Determination of perchlorate in drinking water using a compact RFIC ion chromatography system

Importance of the Topic

Perchlorate is a persistent anion of regulatory concern in drinking water due to its interference with thyroid hormones and potential developmental effects. Accurate, sensitive, and reliable detection of trace perchlorate supports public health monitoring and compliance with EPA and ISO guidelines.

Objectives and Study Overview

This study evaluates the performance of a compact Thermo Scientific Dionex Inuvion ion chromatography system configured with a Dionex IonPac AS16-4 µm column, suppressed conductivity detection, and reagent-free eluent generation for quantifying perchlorate in municipal drinking water according to EPA Method 314.0 and ISO 19340.

Methodology and Instrumentation

Reagents and Standards:

• Type I deionized water, 18 MΩ·cm
• Sodium perchlorate standard solutions (1–50 µg/L)
• Anion interferences: chloride, sulfate, carbonate, nitrate, bromide, nitrite, phosphate, iodide, thiosulfate, thiocyanate, 4-chlorobenzenesulfonic acid

Instrumentation:

• Dionex Inuvion IC system with column heater, pump degas module, RFIC eluent degasser
• Dionex IonPac AS16-4 µm analytical column (2 × 250 mm) with AG16 guard column (2 × 50 mm)
• Eluent: 65 mM KOH generated by EGC 500 KOH cartridge and CR-ATC 600 trap column
• Autosampler: Dionex AS-DV (5 mL PolyVials)
• Suppressor: Dionex ADRS 600, 62 mA constant current, recycle mode
• Detection: suppressed conductivity
• Software: Chromeleon CDS v7.3.2

Method Parameters:

• Flow rate: 0.38 mL/min
• Column temperature: 30 °C
• Injection volume: 250 µL
• Runtime: 12 min
• System backpressure: ~3,800 psi
• Background conductance: <1.4 µS/cm; noise: <1.1 nS/cm

Main Results and Discussion

Calibration showed excellent linearity for perchlorate over 1–50 µg/L (r² = 0.99965) without forcing through zero. Chromatograms of 25 µg/L perchlorate in various matrices (DI water, 200 mg/L and 1,000 mg/L chloride, sulfate, carbonate) demonstrated clear peak resolution and minimal interference. Analysis of four municipal drinking water samples yielded perchlorate concentrations of 0.83–0.94 µg/L in two samples, with non-detects in the others. Spike recovery at 4 µg/L ranged from 86 % to 100 %, confirming method accuracy.

Benefits and Practical Applications

The compact Dionex Inuvion IC system offers reagent-free eluent generation, robust suppression, and streamlined operation. It meets regulatory requirements for perchlorate monitoring in drinking water with low detection limits, high throughput, and minimal maintenance.
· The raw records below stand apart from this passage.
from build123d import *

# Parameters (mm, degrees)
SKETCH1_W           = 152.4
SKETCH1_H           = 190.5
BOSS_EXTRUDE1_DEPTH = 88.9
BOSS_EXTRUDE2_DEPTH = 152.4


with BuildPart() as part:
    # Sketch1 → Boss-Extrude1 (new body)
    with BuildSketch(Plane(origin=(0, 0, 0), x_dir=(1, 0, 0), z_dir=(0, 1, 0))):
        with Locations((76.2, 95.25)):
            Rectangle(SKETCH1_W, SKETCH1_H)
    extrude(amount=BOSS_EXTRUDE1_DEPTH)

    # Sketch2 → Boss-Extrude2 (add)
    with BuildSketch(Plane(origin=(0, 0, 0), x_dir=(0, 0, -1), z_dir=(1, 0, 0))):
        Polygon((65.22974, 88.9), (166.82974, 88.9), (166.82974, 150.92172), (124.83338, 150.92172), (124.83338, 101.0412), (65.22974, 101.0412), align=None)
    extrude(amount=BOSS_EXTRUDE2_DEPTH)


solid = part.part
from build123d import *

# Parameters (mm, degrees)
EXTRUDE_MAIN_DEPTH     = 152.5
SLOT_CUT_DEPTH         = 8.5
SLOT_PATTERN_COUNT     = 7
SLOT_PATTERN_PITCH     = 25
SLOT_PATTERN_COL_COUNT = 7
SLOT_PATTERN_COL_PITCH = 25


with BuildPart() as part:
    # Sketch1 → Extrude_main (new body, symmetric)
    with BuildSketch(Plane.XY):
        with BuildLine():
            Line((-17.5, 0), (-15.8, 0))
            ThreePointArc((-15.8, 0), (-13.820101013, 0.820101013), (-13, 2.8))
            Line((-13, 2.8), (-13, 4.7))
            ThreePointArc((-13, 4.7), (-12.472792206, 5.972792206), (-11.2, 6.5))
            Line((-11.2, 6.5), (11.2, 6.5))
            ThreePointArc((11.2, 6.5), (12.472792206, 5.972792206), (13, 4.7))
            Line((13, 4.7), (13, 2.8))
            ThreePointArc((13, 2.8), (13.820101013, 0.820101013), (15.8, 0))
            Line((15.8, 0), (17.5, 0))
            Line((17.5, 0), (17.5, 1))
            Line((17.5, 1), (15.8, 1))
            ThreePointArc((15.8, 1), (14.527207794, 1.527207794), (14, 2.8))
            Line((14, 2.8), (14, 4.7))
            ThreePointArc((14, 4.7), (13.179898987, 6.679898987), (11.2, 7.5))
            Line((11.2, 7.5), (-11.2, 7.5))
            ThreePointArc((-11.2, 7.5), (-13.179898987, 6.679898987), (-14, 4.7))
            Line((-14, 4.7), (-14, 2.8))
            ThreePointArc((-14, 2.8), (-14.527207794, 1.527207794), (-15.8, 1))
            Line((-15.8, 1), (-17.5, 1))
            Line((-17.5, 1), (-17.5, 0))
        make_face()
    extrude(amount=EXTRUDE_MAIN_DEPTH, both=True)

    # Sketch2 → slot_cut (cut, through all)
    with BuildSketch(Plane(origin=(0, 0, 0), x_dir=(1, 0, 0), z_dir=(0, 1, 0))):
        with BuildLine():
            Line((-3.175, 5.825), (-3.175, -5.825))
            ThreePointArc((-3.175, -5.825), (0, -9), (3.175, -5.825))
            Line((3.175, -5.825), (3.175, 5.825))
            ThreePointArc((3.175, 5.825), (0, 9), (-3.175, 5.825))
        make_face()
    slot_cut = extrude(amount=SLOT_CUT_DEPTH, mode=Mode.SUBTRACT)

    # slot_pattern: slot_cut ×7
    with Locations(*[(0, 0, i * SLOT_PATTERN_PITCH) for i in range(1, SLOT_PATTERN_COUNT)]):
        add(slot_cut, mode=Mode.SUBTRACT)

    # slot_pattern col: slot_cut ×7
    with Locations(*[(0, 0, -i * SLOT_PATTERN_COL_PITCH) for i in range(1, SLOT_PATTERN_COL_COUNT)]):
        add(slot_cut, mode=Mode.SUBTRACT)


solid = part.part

This approach supports routine water quality testing in environmental, municipal, and industrial laboratories.

Future Trends and Potential Applications

Advancements in ion chromatography may include further miniaturization, automated sample preparation, and integration with mass spectrometry for expanded anion profiling. Emerging sensor technologies and data analytics could enhance in-field monitoring and real-time water quality assessment.

Conclusion

The Thermo Scientific Dionex Inuvion IC system equipped with a Dionex IonPac AS16-4 µm column and RFIC reagent-free eluent generation reliably determines perchlorate in drinking water at trace levels. The method aligns with EPA Method 314.0 and ISO 19340, delivering accurate, linear, and reproducible results suitable for routine environmental compliance testing.

References

• U.S. EPA Method 314.0; U.S. Environmental Protection Agency; Cincinnati, OH, 1997.
• Thermo Fisher Scientific Application Update 148: Determination of perchlorate in drinking water using a reagent-free ion chromatography system.
• Thermo Fisher Scientific Application Note 73267: Determination of perchlorate in drinking water using ion chromatography.
• International Organization for Standardization. Water quality – Determination of dissolved perchlorate – Method using ion chromatography (IC). ISO 19340:2017.